Output only the lines below that start at the line containing "100.6h3.8M90.2 100.5h1.2v.2h-1.2zM90.2 103h1.2v.2h-1.2zM90.2" and end at the line containing "114.4h1.2v.3h-1.2zM206.4 111.9h1.2v.2h-1.2zM285 110.2h2M82.5", with both ends kept.

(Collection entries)
┌──

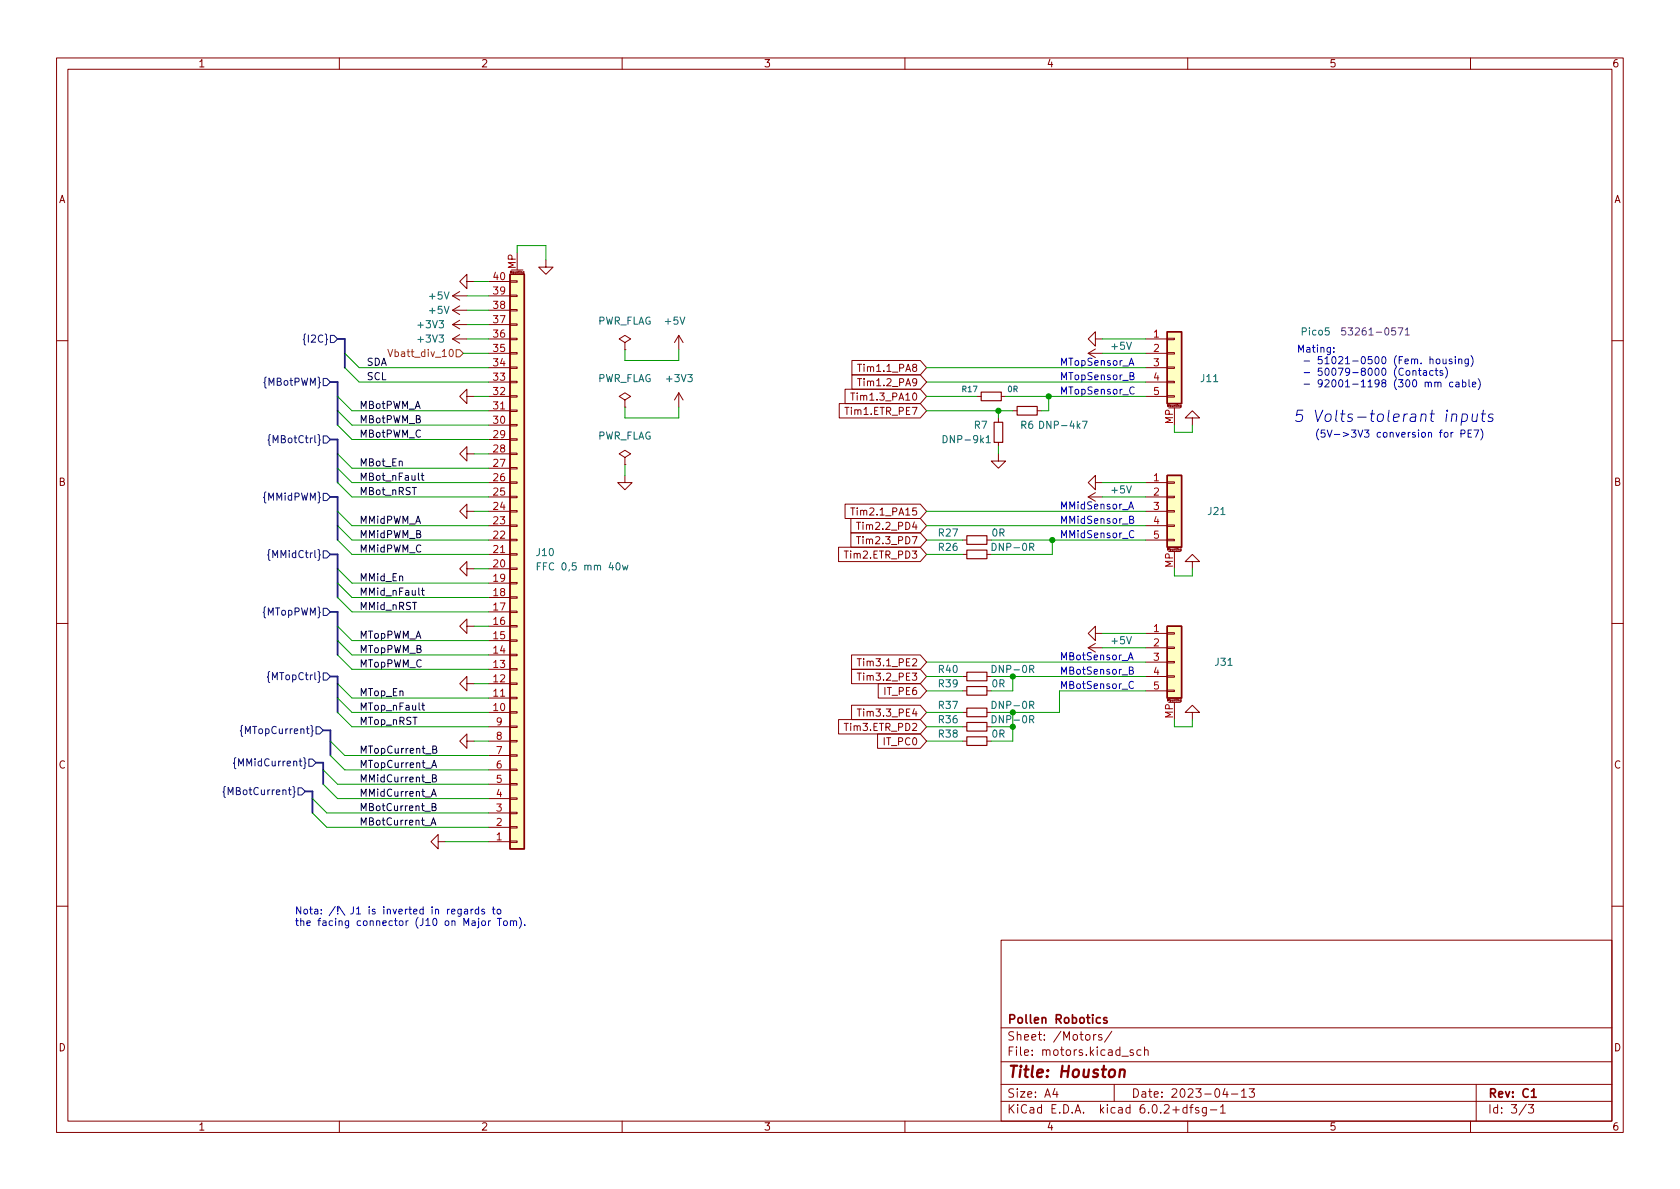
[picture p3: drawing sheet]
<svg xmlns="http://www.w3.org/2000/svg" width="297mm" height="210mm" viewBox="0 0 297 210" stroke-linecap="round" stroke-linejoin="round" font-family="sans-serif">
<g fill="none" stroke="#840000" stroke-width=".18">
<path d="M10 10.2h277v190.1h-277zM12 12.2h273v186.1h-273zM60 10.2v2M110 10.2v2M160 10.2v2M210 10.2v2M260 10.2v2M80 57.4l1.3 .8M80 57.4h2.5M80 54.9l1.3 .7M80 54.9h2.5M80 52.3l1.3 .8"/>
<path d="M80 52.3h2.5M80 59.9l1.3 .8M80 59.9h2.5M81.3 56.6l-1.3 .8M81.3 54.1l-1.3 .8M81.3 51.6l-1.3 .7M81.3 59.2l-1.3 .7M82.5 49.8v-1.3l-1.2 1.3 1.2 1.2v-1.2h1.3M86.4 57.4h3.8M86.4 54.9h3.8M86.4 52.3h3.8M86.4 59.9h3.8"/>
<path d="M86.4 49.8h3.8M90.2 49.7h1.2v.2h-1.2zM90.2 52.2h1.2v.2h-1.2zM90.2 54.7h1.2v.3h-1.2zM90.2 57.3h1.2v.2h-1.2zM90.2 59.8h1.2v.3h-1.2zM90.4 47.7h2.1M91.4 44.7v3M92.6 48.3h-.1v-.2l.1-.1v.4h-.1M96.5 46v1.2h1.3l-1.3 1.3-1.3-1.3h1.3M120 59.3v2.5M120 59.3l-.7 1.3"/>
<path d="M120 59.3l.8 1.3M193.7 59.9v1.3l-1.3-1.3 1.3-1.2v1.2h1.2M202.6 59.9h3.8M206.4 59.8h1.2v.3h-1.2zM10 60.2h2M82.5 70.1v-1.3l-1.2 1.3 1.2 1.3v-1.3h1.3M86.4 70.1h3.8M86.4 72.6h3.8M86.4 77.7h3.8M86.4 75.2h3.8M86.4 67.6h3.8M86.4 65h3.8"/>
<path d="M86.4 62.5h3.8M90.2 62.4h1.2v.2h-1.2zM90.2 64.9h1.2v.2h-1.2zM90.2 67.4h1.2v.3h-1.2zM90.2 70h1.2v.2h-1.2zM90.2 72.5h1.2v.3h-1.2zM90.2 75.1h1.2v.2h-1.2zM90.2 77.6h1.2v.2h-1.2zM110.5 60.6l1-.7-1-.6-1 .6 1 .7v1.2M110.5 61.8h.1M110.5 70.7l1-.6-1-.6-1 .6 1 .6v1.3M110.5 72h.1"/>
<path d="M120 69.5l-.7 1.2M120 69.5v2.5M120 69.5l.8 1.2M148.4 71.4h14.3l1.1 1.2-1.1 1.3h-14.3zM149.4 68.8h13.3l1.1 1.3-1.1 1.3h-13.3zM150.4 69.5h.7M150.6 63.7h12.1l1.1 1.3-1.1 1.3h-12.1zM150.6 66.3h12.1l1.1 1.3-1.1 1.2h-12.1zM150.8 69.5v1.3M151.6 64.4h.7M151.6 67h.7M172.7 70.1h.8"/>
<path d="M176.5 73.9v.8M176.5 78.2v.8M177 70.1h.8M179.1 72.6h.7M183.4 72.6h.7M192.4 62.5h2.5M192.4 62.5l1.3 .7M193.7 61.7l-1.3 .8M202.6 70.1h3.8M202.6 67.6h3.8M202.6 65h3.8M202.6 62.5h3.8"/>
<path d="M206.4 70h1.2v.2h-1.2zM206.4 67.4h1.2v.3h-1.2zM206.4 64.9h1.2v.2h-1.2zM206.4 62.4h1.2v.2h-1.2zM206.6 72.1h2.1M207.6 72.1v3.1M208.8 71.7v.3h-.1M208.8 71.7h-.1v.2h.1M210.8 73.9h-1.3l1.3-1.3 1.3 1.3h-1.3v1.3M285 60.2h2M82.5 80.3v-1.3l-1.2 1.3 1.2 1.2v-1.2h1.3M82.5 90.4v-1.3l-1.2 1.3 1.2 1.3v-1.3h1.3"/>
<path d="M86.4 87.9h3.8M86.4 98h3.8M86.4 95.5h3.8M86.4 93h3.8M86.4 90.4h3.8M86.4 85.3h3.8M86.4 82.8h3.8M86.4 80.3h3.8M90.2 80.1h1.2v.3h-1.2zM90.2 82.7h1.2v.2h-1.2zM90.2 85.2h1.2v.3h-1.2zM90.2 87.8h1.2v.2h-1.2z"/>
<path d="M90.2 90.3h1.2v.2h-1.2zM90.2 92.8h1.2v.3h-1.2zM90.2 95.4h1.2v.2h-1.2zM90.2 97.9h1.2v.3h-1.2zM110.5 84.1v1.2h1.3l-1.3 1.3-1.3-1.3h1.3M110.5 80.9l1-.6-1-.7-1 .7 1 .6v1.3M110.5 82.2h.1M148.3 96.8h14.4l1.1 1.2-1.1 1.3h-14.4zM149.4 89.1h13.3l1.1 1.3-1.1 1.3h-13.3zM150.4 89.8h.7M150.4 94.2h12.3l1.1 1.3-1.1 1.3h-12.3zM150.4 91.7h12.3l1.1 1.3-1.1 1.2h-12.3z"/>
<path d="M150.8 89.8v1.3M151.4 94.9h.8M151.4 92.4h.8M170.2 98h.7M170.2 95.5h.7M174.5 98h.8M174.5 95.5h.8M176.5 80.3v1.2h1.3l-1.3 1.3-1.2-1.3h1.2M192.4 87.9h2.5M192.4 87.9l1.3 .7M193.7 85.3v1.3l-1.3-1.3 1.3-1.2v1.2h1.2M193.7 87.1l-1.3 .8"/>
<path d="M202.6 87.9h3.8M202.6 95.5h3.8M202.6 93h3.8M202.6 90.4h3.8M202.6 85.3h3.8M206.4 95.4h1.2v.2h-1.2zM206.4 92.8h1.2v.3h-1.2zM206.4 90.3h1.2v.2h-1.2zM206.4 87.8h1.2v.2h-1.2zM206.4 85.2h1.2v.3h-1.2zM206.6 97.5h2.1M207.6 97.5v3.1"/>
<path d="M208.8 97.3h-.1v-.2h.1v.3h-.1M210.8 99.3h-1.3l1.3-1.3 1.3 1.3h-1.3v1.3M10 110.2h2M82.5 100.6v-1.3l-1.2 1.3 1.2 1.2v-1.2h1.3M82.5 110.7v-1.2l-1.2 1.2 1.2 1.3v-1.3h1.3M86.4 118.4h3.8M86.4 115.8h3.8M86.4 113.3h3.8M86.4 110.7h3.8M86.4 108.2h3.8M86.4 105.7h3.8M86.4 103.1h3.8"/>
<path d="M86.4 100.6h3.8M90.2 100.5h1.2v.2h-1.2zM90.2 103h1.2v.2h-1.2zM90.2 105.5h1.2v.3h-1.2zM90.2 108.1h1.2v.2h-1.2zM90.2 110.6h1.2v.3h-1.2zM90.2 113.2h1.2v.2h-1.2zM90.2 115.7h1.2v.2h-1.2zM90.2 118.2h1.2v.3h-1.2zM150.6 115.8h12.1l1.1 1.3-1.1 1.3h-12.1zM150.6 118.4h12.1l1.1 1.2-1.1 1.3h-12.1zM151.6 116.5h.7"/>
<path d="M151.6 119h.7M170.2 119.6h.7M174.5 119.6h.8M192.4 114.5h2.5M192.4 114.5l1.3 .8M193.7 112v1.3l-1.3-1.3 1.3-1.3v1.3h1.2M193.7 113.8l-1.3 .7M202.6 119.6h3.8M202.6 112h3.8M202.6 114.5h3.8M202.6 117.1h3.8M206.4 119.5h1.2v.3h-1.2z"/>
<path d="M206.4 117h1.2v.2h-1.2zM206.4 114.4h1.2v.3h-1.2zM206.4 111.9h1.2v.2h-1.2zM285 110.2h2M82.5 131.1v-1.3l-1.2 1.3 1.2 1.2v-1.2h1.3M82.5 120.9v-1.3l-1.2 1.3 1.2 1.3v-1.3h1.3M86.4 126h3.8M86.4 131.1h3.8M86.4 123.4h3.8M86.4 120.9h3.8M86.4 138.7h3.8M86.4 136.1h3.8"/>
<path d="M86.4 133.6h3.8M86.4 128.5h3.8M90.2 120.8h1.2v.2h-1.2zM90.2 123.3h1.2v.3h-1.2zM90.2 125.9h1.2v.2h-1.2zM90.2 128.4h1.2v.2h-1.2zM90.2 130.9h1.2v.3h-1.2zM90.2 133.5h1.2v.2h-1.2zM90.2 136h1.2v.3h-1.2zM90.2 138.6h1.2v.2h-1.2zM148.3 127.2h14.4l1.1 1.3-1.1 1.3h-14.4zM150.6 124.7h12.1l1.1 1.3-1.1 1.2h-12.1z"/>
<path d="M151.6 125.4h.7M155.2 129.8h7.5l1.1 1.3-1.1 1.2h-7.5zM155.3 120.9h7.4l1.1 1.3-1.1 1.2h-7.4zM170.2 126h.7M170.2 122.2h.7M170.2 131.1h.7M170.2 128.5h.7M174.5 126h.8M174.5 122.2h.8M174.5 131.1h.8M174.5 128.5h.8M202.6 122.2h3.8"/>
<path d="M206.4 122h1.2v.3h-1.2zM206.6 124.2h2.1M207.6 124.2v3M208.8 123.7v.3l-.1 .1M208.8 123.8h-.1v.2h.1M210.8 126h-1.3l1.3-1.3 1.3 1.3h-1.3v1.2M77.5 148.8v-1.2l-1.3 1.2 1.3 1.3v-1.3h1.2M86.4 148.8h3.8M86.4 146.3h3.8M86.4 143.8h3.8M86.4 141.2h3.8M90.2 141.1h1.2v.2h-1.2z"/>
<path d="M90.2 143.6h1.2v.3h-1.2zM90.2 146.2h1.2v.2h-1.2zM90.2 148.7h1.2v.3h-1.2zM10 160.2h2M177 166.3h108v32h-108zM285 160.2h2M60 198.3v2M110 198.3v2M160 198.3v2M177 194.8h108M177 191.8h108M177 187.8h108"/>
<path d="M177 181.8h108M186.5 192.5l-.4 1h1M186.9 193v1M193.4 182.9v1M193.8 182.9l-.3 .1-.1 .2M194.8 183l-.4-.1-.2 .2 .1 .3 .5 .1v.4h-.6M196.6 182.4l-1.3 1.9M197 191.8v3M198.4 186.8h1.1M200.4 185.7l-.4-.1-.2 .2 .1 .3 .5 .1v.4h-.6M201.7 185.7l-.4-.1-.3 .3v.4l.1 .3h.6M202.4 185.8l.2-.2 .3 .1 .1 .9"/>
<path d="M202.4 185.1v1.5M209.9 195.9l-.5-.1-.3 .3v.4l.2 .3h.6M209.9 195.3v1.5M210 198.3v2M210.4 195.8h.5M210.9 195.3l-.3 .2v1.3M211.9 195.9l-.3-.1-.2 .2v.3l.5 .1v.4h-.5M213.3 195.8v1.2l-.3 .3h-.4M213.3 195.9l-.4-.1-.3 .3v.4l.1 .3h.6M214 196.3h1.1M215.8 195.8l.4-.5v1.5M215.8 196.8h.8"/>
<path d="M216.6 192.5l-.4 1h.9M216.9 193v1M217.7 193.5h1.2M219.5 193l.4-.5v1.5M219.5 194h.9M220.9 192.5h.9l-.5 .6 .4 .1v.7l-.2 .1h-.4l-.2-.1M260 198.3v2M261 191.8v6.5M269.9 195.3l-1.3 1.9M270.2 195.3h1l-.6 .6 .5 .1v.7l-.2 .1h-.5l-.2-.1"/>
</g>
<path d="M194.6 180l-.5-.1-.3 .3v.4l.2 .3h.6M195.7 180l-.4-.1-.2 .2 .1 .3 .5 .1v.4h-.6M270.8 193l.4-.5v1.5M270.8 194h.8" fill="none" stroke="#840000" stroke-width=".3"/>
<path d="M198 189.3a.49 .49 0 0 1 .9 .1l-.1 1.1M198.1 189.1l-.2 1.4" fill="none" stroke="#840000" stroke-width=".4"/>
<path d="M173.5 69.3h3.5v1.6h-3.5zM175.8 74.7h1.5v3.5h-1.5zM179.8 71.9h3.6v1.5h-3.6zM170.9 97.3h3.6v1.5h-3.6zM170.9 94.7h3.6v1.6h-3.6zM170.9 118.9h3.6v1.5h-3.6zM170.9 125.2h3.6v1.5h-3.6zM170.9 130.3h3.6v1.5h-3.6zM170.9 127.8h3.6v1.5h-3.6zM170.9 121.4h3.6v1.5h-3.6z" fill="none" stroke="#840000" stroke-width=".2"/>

└──

**SOLUTION TO THIS EXERCISE**
<path d="M86.4 100.6h3.8M90.2 100.5h1.2v.2h-1.2zM90.2 103h1.2v.2h-1.2zM90.2 105.5h1.2v.3h-1.2zM90.2 108.1h1.2v.2h-1.2zM90.2 110.6h1.2v.3h-1.2zM90.2 113.2h1.2v.2h-1.2zM90.2 115.7h1.2v.2h-1.2zM90.2 118.2h1.2v.3h-1.2zM150.6 115.8h12.1l1.1 1.3-1.1 1.3h-12.1zM150.6 118.4h12.1l1.1 1.2-1.1 1.3h-12.1zM151.6 116.5h.7"/>
<path d="M151.6 119h.7M170.2 119.6h.7M174.5 119.6h.8M192.4 114.5h2.5M192.4 114.5l1.3 .8M193.7 112v1.3l-1.3-1.3 1.3-1.3v1.3h1.2M193.7 113.8l-1.3 .7M202.6 119.6h3.8M202.6 112h3.8M202.6 114.5h3.8M202.6 117.1h3.8M206.4 119.5h1.2v.3h-1.2z"/>
<path d="M206.4 117h1.2v.2h-1.2zM206.4 114.4h1.2v.3h-1.2zM206.4 111.9h1.2v.2h-1.2zM285 110.2h2M82.5 131.1v-1.3l-1.2 1.3 1.2 1.2v-1.2h1.3M82.5 120.9v-1.3l-1.2 1.3 1.2 1.3v-1.3h1.3M86.4 126h3.8M86.4 131.1h3.8M86.4 123.4h3.8M86.4 120.9h3.8M86.4 138.7h3.8M86.4 136.1h3.8"/>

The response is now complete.